### [Data excerpts]
[Start of section]

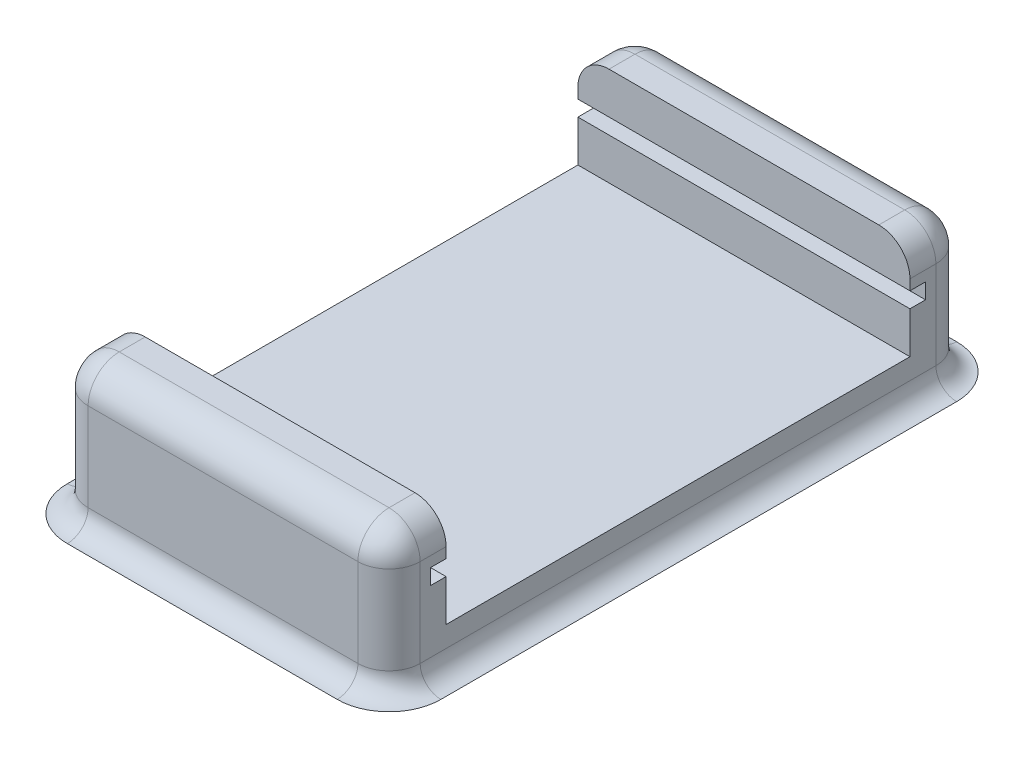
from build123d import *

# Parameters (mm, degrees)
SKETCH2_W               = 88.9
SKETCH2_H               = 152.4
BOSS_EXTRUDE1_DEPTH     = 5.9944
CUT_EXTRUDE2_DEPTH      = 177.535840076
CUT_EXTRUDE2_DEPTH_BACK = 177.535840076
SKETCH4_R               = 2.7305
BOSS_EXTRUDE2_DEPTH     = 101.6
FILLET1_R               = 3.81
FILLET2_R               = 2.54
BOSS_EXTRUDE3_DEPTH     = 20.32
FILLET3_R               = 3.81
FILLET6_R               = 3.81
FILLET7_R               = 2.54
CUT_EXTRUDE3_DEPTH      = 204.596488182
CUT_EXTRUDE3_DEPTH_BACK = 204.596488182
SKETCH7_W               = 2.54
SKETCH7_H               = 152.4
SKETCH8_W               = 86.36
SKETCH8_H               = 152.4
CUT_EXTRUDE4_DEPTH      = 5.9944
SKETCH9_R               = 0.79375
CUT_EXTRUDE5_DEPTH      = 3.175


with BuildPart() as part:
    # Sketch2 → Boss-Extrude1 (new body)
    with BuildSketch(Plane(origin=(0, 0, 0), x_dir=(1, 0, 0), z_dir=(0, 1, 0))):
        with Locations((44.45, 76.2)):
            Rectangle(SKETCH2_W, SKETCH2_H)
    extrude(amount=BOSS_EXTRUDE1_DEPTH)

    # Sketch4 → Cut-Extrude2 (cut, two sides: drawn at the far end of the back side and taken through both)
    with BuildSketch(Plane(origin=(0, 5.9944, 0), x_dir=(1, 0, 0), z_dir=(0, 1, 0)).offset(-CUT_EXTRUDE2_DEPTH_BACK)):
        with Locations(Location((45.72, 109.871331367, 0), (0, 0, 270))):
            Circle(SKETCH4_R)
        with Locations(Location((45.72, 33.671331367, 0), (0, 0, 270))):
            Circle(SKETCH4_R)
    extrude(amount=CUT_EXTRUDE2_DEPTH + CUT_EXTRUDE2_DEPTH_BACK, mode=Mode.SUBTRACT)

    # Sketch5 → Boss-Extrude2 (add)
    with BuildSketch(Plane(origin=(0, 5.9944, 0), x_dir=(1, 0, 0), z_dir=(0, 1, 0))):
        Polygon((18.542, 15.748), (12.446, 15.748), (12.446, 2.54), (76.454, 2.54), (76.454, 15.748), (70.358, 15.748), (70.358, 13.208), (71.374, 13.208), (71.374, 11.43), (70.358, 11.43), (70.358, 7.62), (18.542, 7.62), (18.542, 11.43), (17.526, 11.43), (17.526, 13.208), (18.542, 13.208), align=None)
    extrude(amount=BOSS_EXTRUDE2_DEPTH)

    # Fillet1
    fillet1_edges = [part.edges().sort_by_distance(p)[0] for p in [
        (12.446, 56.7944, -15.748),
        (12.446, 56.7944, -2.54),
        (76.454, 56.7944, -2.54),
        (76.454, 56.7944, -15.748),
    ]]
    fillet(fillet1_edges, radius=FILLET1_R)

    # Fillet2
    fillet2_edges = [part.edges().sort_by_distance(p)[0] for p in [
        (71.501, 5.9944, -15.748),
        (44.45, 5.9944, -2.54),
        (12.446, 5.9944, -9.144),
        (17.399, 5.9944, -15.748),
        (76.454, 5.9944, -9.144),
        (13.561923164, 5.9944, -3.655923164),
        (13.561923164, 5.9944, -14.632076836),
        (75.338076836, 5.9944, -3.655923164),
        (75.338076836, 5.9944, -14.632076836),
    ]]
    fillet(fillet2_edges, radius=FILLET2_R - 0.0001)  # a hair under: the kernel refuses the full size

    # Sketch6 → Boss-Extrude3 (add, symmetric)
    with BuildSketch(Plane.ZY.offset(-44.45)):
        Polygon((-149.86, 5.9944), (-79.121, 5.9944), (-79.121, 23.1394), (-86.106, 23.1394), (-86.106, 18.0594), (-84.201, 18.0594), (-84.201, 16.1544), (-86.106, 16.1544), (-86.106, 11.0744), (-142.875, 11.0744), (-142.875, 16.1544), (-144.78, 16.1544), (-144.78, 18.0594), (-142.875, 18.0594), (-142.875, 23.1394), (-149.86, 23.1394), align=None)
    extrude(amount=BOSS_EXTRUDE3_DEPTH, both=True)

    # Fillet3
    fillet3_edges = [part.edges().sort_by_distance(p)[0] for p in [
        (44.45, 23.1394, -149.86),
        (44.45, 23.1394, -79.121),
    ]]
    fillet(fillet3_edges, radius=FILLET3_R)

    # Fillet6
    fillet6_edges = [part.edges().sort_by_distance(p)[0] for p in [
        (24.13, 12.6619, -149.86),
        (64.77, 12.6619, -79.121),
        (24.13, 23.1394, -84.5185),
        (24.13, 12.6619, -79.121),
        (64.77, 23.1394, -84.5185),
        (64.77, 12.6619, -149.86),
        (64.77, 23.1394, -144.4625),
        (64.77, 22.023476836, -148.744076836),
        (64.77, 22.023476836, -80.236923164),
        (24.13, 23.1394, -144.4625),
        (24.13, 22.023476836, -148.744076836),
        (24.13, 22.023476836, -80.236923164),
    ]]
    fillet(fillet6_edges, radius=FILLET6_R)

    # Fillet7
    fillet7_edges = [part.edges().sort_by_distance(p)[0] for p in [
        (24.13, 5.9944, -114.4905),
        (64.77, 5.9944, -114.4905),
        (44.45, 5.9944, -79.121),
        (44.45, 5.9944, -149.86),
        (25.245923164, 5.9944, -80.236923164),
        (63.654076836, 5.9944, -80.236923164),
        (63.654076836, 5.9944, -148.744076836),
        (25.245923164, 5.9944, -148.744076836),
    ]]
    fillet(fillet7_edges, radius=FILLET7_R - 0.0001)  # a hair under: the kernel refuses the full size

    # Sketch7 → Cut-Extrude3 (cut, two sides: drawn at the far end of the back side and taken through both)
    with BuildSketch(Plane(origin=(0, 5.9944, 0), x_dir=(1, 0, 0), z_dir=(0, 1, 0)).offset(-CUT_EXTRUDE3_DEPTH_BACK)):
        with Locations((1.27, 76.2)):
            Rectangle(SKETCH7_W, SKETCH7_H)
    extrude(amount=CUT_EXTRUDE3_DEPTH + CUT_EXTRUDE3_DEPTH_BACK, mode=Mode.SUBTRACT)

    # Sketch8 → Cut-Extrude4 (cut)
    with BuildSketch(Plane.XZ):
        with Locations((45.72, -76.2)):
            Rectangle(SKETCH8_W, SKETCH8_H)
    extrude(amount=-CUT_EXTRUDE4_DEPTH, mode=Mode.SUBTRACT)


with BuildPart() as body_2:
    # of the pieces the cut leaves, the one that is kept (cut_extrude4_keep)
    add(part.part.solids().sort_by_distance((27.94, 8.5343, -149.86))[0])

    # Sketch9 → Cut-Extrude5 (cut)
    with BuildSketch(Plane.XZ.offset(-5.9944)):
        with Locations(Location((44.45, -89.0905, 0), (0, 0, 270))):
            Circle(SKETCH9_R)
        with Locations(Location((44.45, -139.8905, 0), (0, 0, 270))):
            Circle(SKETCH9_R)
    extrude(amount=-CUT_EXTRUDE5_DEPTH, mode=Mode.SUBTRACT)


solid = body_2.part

[End of section]

Search the listing above for the word "Rectangle", and copy every line that has it.

            Rectangle(SKETCH2_W, SKETCH2_H)
            Rectangle(SKETCH7_W, SKETCH7_H)
            Rectangle(SKETCH8_W, SKETCH8_H)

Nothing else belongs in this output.